Ricardo André

Personal information
- Full name: Ricardo André Duarte Pires
- Date of birth: 24 October 1982 (age 42)
- Place of birth: Amadora, Portugal
- Height: 1.83 m (6 ft 0 in)
- Position(s): Midfielder

Youth career
- 1993–1998: Benfica
- 1998–1999: Estoril
- 1999–2001: Benfica

Senior career*
- Years: Team / Apps / (Gls)
- 2001–2003: Benfica B / 29 / (0)
- 2003–2005: Paços Ferreira / 41 / (0)
- 2006: Setúbal B / 15 / (0)
- 2006–2007: Gondomar / 22 / (1)
- 2007–2009: Cherno More / 45 / (3)
- 2010–2011: Chernomorets Burgas / 41 / (2)
- Total:  / 193 / (6)

= Ricardo André (footballer, born 1982) =

Portuguese footballer

Ricardo André Duarte Pires (born 24 October 1982 in Amadora, Lisbon) is a retired Portuguese footballer who played as a defensive midfielder.

==Football career==
After unsuccessfully emerging through S.L. Benfica's youth system – he only appeared for its B-side – André signed with F.C. Paços de Ferreira from the Primeira Liga in 2003, playing 15 games and suffering team relegation in his first season. After one more year he signed with Vitória de Setúbal's reserves, also in the third division as Benfica's second team.

André subsequently competed in the second level with Gondomar SC, then moved to Bulgaria in the 2007 summer by joining PFC Cherno More Varna.
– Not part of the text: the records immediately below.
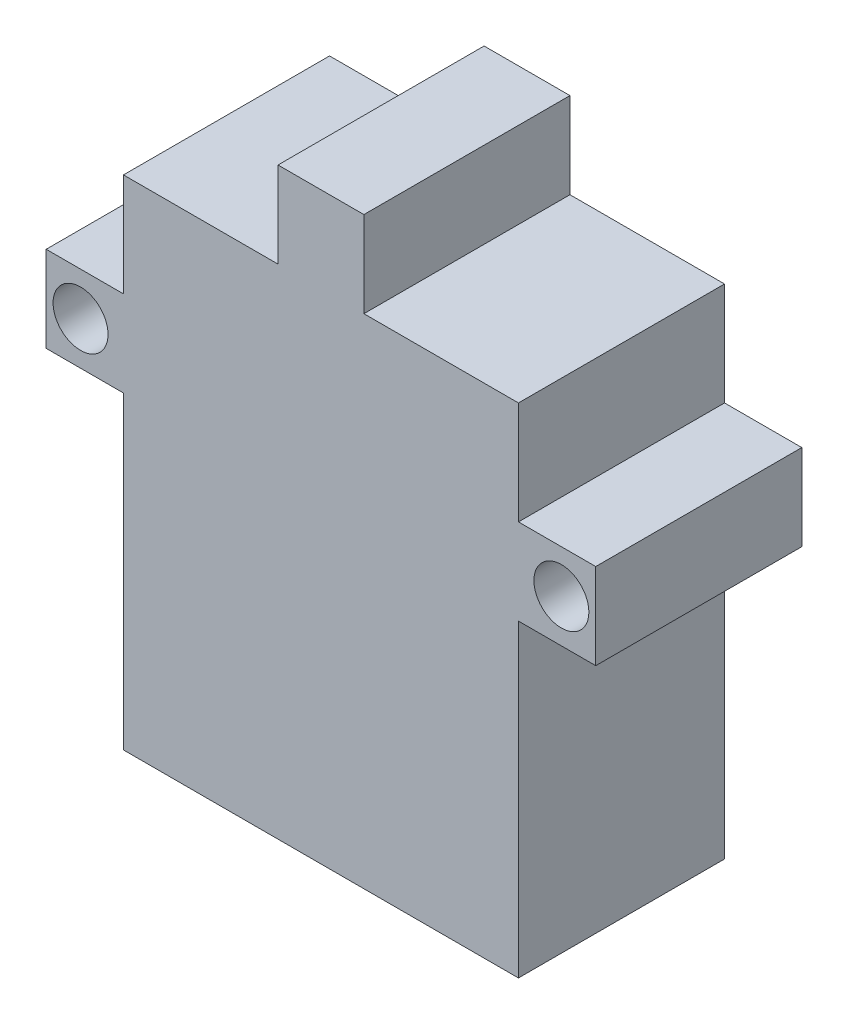
SolidWorks part; units mm, degrees
ref_plane "前视基准面" through (0, 0, 0) normal (0, 0, 1) x (1, 0, 0)
ref_plane "上视基准面" through (0, 0, 0) normal (0, 1, 0) x (1, 0, 0)
ref_plane "右视基准面" through (0, 0, 0) normal (1, 0, 0) x (0, 0, -1)
other "Configuration Table"
sketch "草图1" plane through (0, 0, 0) normal (0, 0, 1) x (1, 0, 0)
  line L0 (11.5, 0) -> (11.5, 18)
  line L1 (11.5, 18) -> (16, 18)
  line L2 (16, 18) -> (16, 23)
  line L3 (16, 23) -> (11.5, 23)
  line L4 (11.5, 23) -> (11.5, 29)
  line L5 (11.5, 29) -> (2.5, 29)
  line L6 (2.5, 29) -> (2.5, 34)
  line L7 (2.5, 34) -> (-2.5, 34)
  line L8 (-2.5, 34) -> (-2.5, 29)
  line L9 (-2.5, 29) -> (-11.5, 29)
  line L10 (-11.5, 29) -> (-11.5, 23)
  line L11 (-11.5, 23) -> (-16, 23)
  line L12 (-16, 23) -> (-16, 18)
  line L13 (-16, 18) -> (-11.5, 18)
  line L14 (-11.5, 18) -> (-11.5, 0)
  line L15 (-11.5, 0) -> (11.5, 0)
  circle A0 centre (14, 20.5) radius 1.6
  circle A1 centre (-14, 20.5) radius 1.6
extrude "凸台-拉伸1" add sketch "草图1" along normal mid plane 12

He made his competitive debut on 12 July, in a UEFA Intertoto Cup match against FK Makedonija Gjorče Petrov, playing the entire 4–0 win. On 28 August 2007 he scored his first goal for the club, but in a 1–3 loss to PFC Slavia Sofia.

In January 2010 André switched to PSFC Chernomorets Burgas, in the same country. He was released in July of the following year, retiring shortly after at the age of only 29.